◆ Work instruction: Pick out all lines with the word "angle" from the records that follow.

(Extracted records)
◇ ◇ ◇ ◇ ◇
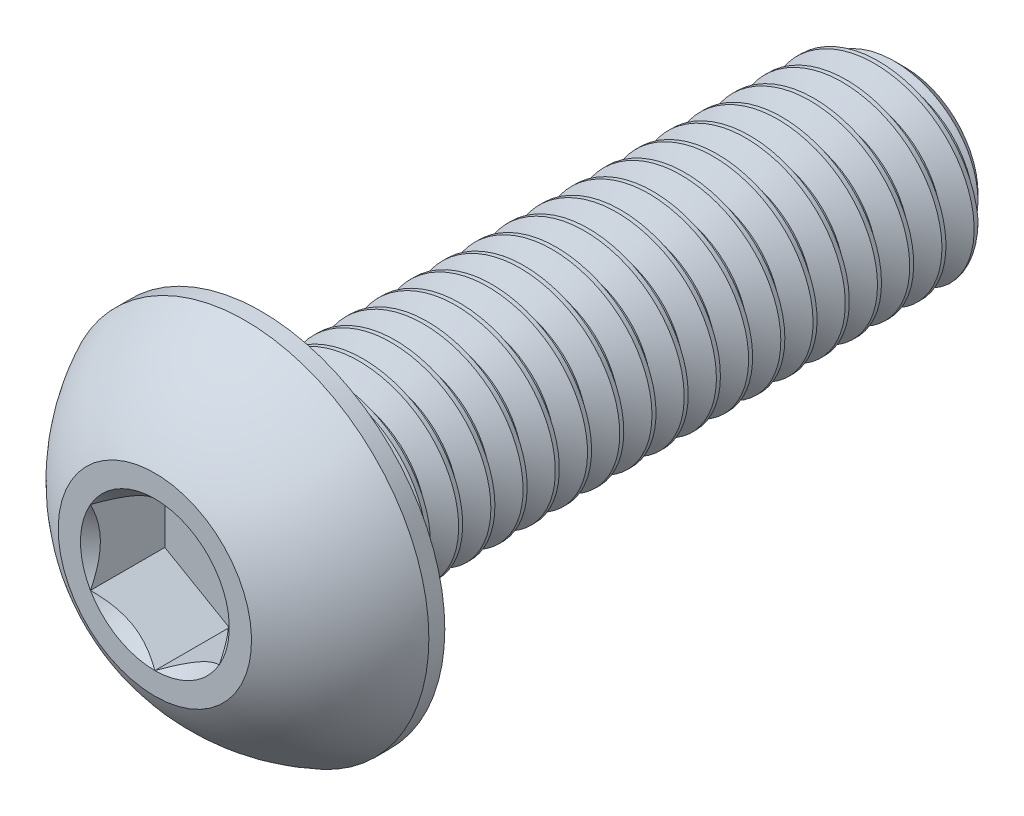
SolidWorks part; units mm, degrees
ref_plane "Front" through (0, 0, 0) normal (0, 0, 1) x (1, 0, 0)
ref_plane "Top" through (0, 0, 0) normal (0, 1, 0) x (1, 0, 0)
ref_plane "Right" through (0, 0, 0) normal (1, 0, 0) x (0, 0, -1)
sketch "Sketch1" plane through (0, 0, 0) normal (1, 0, 0) x (0, 0, -1)
  line L2 (1.65, 1.5) -> (11.65, 1.5)
  line L3 (11.65, 1.5) -> (11.65, 0)
  line L4 (11.65, 0) -> (1.65, 0)
  line L6 (1.4025, 2.85) -> (1.65, 2.85) construction
  line L7 (11.65, 1.5) -> (11.65, -1.5) construction
  line L8 (0, 0) -> (1.65, 0) construction
  line L9 (1.65, 2.85) -> (1.65, -2.85) construction
  line L11 (1.65, 1.5) -> (1.65, 0)
  line L13 (0, 1) -> (0, -1) construction
  line L14 (0, 1) -> (0, 1.5) construction
  line L15 (11.65, -1.5) -> (11.15, -1.5) construction
  arc A3 (0, 1.5) -> (1.4025, 2.85) centre (2.7948, 0) cw construction
  dimension "D1" = 0.2475
  dimension "Pitch" = 0.5
revolve "Revolve1" add sketch "Sketch1" angle 360 mid plane about L4
sketch "Sketch7" plane through (0, 0, 0) normal (1, 0, 0) x (0, 0, -1)
  line L6 (1.4025, 2.85) -> (1.65, 2.85) construction
  line L8 (0, 0) -> (1.65, 0) construction
  line L11 (1.65, 2.85) -> (1.65, -2.85) construction
  line L12 (1.4025, 2.85) -> (1.65, 2.85)
  line L13 (0, 0) -> (1.65, 0)
  line L14 (0, 1) -> (0, -1) construction
  line L15 (1.65, 2.85) -> (1.65, 0)
  line L16 (0, 1.5) -> (0, 0)
  arc A2 (1.4025, 2.85) -> (0, 1.5) centre (2.7948, 0) ccw construction
  arc A3 (1.4025, 2.85) -> (0, 1.5) centre (2.7948, 0) ccw
revolve "Revolve2" add sketch "Sketch7" angle 360 mid plane about L13
sketch "Sketch5" plane through (0, 0, 0) normal (0, 0, 1) x (1, 0, 0)
  line L1 (1, -0.5774) -> (1, 0.5774)
  line L2 (1, 0.5774) -> (0, 1.1547)
  line L3 (0, 1.1547) -> (-1, 0.5774)
  line L4 (-1, 0.5774) -> (-1, -0.5774)
  line L5 (-1, -0.5774) -> (0, -1.1547)
  line L6 (0, -1.1547) -> (1, -0.5774)
  circle A0 centre (0, 0) radius 1 construction
extrude "Cut-Extrude2" cut sketch "Sketch5" against normal blind 1.155
sketch "Sketch6" plane through (0, 0, 0) normal (0, 0, 1) x (1, 0, 0)
  circle A0 centre (0, 0) radius 1.1547
extrude "Cut-Extrude3" cut sketch "Sketch6" against normal blind 1.155 draft 45
sketch "Sketch11" plane through (0, 0, 0) normal (1, 0, 0) x (0, 0, -1)
  line L0 (1.65, -2.85) -> (1.65, 2.85)
  point P4 (1.65, 0)
split "Split1" trim tools "Sketch11" bodies to split 113 resulting bodies 119 120
sketch "Sketch10" plane through (0, 0, 0) normal (1, 0, 0) x (0, 0, -1)
  line L0 (11.65, 1.5) -> (11.65, -1.5) construction
  point P0 (10.9, -1.5)
  dimension "D1" = 0.75
sketch "Sketch3" plane through (0, 0, -11.65) normal (0, 0, -1) x (-1, 0, 0)
  circle A0 centre (0, 0) radius 1.5
curve "Helix/Spiral1" pitch 0.5 height 10.5 radius 1.5 centre (0, 0, -11.65) axis (0, 0, 1) start towards (0, 1, 0)
sketch "Sketch2" plane through (0, 0, 0) normal (1, 0, 0) x (0, 0, -1)
  line L0 (11.6188, 1.5541) -> (12.1188, 1.5541) construction
  line L1 (12.1188, 1.5541) -> (11.8688, 1.1211) construction
  line L2 (11.8688, 1.1211) -> (11.6188, 1.5541) construction
  line L3 (11.8688, 1.5541) -> (11.8688, 1.5) construction
  line L4 (11.8688, 1.5) -> (11.8688, 1.1752) construction
  line L5 (11.8688, 1.1752) -> (11.8688, 1.1211) construction
  line L6 (11.8375, 1.1752) -> (11.9, 1.1752)
  line L7 (11.65, 1.5) -> (12.0875, 1.5) construction
  line L8 (11.6344, 1.5271) -> (12.1031, 1.5271)
  line L9 (11.6344, 1.5271) -> (11.8375, 1.1752)
  line L10 (12.1031, 1.5271) -> (11.9, 1.1752)
  point P10 (11.8688, 1.1752)
  point P13 (11.8688, 1.5)
  point P16 (11.8688, 1.5271)
  dimension "D1" = 0.5
  dimension "D2" = 0.0625
chamfer "Chamfer1" distance 0.375 angle 45 1 edges at (0, 1.5, -11.65)
sweep "Cut-Sweep1" cut profiles "Sketch2" path "Helix/Spiral1" align with end faces yes
combine bodies "Combine1" operation type add bodies to combine 120 114
equation "\"D3@Helix/Spiral1\" = \"Lg@Sketch1\" + \"D4@Helix/Spiral1\""
equation "\"D1@Chamfer1\" = \"D4@Helix/Spiral1\" * .75"
equation "\"D1@Cut-Extrude2\" = \"Head Ht@Sketch1\" * .7"
equation "\"D1@Sketch1\" = \"Head Ht@Sketch1\" * .15"
equation "\"D1@Sketch10\" = \"D4@Helix/Spiral1\" * 1.5"
equation "\"D1@Cut-Extrude3\" = \"D1@Cut-Extrude2\""
equation "\"D4@Helix/Spiral1\"=\"Pitch@Sketch1\""
equation "\"D1@Sketch2\"=\"Pitch@Sketch1\""
equation "\"D2@Sketch2\"=\"D1@Sketch2\"/8"
◇ ◇ ◇ ◇ ◇
◆ Task response:
revolve "Revolve1" add sketch "Sketch1" angle 360 mid plane about L4
revolve "Revolve2" add sketch "Sketch7" angle 360 mid plane about L13
chamfer "Chamfer1" distance 0.375 angle 45 1 edges at (0, 1.5, -11.65)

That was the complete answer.